■ Task details
Lines in the listing below that contain the string "Label" are to be found and copied.

■ Source records
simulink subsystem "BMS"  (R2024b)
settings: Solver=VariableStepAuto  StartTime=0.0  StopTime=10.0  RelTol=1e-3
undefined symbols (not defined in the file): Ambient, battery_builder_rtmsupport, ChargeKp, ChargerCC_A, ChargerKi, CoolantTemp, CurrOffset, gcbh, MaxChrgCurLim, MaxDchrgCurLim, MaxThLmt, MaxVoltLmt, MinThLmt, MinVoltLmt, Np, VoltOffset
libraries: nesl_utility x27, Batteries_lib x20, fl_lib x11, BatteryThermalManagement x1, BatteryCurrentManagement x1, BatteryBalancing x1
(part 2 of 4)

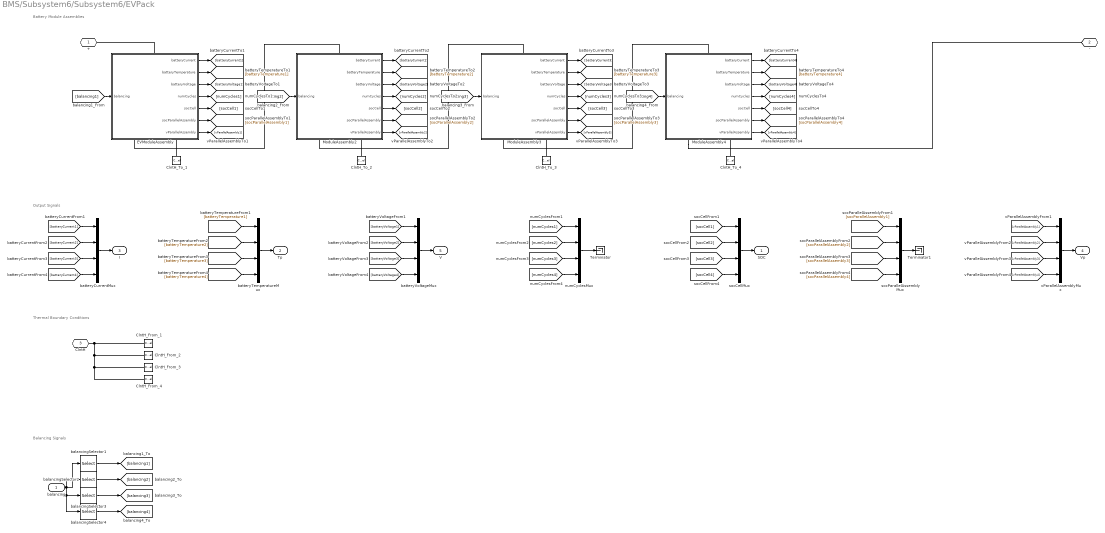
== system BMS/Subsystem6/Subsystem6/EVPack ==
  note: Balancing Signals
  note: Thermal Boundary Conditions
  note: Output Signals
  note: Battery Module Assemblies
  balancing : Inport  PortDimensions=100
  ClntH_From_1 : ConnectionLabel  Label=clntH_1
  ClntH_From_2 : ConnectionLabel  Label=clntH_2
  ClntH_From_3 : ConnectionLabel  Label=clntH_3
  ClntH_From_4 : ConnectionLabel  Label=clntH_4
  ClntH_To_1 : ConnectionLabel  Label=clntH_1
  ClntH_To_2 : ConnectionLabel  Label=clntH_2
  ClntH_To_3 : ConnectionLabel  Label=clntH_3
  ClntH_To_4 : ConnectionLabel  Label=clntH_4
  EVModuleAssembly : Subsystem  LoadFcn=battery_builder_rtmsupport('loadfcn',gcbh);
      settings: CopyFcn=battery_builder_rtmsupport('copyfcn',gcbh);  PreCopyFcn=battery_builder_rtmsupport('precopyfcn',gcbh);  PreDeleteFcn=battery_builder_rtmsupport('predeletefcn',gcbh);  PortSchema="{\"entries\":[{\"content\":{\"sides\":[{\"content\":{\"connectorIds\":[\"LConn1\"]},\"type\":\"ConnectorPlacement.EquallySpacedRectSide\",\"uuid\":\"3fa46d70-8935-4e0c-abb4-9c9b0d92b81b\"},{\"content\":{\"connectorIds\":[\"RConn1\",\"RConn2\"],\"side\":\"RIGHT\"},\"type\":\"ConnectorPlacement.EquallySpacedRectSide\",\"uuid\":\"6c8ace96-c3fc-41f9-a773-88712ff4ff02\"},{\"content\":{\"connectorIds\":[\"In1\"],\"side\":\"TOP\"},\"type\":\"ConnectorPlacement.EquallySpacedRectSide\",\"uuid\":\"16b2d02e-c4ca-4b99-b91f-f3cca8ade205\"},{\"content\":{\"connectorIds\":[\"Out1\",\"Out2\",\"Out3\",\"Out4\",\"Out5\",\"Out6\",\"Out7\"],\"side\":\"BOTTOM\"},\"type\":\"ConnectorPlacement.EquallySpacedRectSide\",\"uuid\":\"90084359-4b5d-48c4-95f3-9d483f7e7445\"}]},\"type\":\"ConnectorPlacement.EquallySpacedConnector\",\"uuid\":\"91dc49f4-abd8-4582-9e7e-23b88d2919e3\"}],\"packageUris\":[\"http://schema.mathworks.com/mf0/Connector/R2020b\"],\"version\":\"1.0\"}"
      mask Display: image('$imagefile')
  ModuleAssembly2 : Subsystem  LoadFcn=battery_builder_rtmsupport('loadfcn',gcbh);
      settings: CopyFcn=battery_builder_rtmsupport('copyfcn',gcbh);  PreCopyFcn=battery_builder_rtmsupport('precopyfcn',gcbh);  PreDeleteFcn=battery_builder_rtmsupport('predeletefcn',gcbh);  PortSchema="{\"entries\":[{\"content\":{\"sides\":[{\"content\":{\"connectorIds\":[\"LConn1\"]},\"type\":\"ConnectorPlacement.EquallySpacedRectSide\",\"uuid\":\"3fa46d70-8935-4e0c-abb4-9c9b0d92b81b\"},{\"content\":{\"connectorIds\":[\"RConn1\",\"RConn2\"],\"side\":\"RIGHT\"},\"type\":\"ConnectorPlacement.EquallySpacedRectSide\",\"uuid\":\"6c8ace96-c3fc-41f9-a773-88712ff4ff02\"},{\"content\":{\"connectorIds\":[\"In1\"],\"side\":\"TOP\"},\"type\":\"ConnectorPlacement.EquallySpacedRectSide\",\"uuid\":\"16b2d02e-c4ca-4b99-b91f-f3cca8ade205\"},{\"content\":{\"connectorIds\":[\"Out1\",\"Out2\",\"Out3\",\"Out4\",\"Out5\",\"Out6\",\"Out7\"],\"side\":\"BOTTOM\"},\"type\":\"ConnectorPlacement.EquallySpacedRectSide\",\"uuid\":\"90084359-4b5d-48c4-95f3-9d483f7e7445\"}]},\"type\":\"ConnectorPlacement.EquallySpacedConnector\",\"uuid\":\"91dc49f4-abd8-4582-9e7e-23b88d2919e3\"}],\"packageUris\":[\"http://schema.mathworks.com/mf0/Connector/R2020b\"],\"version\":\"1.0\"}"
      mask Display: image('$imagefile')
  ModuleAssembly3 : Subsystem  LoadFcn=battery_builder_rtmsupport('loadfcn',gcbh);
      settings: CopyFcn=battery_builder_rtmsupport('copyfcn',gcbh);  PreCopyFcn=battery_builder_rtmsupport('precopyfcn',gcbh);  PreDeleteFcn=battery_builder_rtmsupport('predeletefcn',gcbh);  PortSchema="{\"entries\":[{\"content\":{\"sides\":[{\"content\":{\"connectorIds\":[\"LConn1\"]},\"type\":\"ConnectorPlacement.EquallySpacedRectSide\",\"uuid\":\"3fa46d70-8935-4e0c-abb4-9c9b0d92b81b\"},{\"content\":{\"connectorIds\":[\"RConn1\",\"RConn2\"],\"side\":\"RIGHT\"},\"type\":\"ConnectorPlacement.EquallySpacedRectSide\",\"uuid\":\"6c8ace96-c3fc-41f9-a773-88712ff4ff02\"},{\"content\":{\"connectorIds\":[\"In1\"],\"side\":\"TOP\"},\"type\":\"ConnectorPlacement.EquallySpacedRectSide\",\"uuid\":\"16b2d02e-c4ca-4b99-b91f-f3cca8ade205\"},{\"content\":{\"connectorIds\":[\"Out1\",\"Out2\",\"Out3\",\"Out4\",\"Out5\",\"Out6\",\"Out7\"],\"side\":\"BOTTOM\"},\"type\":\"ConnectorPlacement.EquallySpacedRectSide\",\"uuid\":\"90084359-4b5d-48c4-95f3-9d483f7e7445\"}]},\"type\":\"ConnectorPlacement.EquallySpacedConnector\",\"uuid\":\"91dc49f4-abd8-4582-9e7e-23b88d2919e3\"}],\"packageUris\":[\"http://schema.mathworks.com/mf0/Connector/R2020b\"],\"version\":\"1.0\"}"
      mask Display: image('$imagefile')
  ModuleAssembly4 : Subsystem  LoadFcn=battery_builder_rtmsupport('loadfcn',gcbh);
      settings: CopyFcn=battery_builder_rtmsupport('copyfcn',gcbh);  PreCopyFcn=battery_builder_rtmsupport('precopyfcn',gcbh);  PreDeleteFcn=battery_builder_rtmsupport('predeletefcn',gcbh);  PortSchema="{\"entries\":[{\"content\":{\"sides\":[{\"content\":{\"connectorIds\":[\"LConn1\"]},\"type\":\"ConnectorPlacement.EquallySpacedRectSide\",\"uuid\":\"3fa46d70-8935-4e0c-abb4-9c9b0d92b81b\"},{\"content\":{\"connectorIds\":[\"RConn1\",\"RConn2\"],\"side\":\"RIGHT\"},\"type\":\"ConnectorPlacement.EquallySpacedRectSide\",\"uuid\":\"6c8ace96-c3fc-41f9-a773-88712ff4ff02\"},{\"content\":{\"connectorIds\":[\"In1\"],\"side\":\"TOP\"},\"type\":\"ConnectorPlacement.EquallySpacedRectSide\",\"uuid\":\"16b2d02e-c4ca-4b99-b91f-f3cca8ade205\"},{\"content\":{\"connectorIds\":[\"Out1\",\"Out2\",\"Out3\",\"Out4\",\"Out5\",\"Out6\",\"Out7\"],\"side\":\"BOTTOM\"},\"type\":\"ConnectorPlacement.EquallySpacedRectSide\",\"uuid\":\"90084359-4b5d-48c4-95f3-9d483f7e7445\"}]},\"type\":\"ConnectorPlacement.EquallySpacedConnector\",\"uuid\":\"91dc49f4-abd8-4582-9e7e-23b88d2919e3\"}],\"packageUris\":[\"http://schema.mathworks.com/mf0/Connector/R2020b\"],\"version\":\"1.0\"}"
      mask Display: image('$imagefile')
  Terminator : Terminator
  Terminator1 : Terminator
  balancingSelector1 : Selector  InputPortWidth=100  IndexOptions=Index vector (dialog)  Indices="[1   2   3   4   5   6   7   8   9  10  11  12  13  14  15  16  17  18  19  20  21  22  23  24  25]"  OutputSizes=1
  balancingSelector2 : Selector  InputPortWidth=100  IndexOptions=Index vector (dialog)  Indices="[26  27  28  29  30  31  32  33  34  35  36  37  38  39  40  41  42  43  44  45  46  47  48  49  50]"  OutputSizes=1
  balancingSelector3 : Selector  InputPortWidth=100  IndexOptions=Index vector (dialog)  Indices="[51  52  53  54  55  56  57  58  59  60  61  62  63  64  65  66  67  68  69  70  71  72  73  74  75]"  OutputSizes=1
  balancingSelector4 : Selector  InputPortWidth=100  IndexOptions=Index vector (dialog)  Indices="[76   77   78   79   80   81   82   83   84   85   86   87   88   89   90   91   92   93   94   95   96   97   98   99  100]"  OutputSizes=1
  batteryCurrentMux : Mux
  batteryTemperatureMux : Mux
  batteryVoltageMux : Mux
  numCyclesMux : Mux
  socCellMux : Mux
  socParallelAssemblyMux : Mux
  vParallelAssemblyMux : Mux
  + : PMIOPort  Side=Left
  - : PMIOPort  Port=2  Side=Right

■ Expected output
  ClntH_From_1 : ConnectionLabel  Label=clntH_1
  ClntH_From_2 : ConnectionLabel  Label=clntH_2
  ClntH_From_3 : ConnectionLabel  Label=clntH_3
  ClntH_From_4 : ConnectionLabel  Label=clntH_4
  ClntH_To_1 : ConnectionLabel  Label=clntH_1
  ClntH_To_2 : ConnectionLabel  Label=clntH_2
  ClntH_To_3 : ConnectionLabel  Label=clntH_3
  ClntH_To_4 : ConnectionLabel  Label=clntH_4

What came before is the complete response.